Moreover I get this error all the time: [ WARN] [1596404894.602932696]: “camera_odom_frame” passed to lookupTransform argument target_frame does not exist.

I have to hard-code the “target_frame_id, source_frame_id” to make it work. Do you know why rosparam was not able to retrieve the correct values ?
Thanks in advance

Hi @marknabil, the pdf and yaml file can be found here: https://github.com/thien94/vision_to_mavros/tree/apriltag/apriltag

Regarding the odom frame, maybe there are some differences between the ROS version you are using vs mine. I started this project awhile ago, it’s highly possible a lot of stuffs has changed.

Hi @LuckyBird , Thank you for all your projects !
Regarding apriltags ROS wrapper , in this project or the Landig, should we use the original one or the fork in your git ?
Regarding calibration, also T265 needs to be calibrated or is enough to use t265_fisheye_undistort_node ?

Thanks a lot for your guidance !

Hi @Gian

Both should be fine. The only difference is that my fork has some modifications for testing purposes.

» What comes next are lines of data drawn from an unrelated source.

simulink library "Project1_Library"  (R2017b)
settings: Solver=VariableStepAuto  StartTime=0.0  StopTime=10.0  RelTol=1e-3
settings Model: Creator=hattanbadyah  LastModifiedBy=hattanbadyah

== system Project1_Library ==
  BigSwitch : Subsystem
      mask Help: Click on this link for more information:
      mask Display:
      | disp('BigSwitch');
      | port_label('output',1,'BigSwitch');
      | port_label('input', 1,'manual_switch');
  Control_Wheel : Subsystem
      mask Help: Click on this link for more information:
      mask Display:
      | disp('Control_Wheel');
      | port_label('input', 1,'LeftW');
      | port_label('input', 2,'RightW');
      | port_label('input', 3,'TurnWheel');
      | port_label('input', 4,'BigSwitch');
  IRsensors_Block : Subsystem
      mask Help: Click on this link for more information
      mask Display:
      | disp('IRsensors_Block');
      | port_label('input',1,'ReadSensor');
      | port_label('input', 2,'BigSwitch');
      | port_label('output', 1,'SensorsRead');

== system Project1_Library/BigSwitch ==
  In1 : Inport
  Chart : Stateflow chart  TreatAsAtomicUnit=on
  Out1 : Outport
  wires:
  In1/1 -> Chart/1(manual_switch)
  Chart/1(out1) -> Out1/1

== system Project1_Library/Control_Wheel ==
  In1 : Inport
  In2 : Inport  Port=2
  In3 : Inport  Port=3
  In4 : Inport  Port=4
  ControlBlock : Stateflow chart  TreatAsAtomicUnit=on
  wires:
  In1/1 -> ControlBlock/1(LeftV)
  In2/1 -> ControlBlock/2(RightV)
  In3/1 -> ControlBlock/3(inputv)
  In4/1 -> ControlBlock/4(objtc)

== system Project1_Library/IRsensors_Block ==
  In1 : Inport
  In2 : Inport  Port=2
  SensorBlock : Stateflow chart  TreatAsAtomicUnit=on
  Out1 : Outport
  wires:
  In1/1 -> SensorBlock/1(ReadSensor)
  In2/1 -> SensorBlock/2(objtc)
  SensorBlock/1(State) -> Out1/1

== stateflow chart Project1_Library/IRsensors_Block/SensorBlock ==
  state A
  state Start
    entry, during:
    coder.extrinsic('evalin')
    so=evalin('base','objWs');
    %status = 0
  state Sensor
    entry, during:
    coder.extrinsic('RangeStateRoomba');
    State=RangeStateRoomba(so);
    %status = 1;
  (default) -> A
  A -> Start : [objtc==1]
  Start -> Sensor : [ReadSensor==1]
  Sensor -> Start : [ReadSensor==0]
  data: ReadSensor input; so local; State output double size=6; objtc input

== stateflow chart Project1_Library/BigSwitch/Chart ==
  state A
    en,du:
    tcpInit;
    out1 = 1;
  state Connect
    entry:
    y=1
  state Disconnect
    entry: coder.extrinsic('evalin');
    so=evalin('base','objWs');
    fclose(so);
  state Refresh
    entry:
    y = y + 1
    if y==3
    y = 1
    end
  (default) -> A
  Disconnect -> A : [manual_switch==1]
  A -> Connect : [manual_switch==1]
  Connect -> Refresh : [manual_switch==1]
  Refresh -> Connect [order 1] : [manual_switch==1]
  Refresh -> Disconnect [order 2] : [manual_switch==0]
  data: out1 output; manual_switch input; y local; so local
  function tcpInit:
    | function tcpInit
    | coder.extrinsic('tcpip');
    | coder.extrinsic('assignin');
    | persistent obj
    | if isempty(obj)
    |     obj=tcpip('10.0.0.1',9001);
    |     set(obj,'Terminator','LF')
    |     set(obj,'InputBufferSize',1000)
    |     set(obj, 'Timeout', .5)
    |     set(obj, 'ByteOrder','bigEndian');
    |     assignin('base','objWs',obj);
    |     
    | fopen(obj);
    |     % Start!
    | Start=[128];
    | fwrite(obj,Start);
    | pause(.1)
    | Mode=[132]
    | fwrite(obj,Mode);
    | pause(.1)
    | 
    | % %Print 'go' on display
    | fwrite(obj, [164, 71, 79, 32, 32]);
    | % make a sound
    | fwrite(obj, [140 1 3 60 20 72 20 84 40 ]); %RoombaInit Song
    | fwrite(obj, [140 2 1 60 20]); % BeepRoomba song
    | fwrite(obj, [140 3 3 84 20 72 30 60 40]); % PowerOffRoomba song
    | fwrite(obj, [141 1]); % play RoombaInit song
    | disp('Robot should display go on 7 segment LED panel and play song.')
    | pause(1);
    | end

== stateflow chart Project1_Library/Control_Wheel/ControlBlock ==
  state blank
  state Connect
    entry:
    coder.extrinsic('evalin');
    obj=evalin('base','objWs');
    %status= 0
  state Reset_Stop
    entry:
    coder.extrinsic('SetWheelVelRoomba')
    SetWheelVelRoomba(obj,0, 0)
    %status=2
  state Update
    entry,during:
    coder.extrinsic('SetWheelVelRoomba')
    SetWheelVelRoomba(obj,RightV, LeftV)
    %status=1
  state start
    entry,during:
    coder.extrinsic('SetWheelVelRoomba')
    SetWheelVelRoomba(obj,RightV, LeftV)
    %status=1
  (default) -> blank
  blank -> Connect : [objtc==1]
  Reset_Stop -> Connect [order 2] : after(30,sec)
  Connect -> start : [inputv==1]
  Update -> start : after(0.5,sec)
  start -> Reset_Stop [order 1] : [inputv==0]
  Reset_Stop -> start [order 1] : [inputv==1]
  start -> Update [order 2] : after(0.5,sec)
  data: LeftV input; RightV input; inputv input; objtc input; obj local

Ideally, recalibration is not necessary because each T265 should be calibrated on the production line. You can just obtain the calibration data (using the t265_stereo.py or other rs- examples) and replace the data in the config file. The provided calibration file should work “fine” to try out and test that things are working, although the result might be slightly less accurate.

On that note, I think a better solution is to use librealsense APIs to obtain the calibration directly from the device to reduce artificial and operational error, which I have not gotten around to implement yet.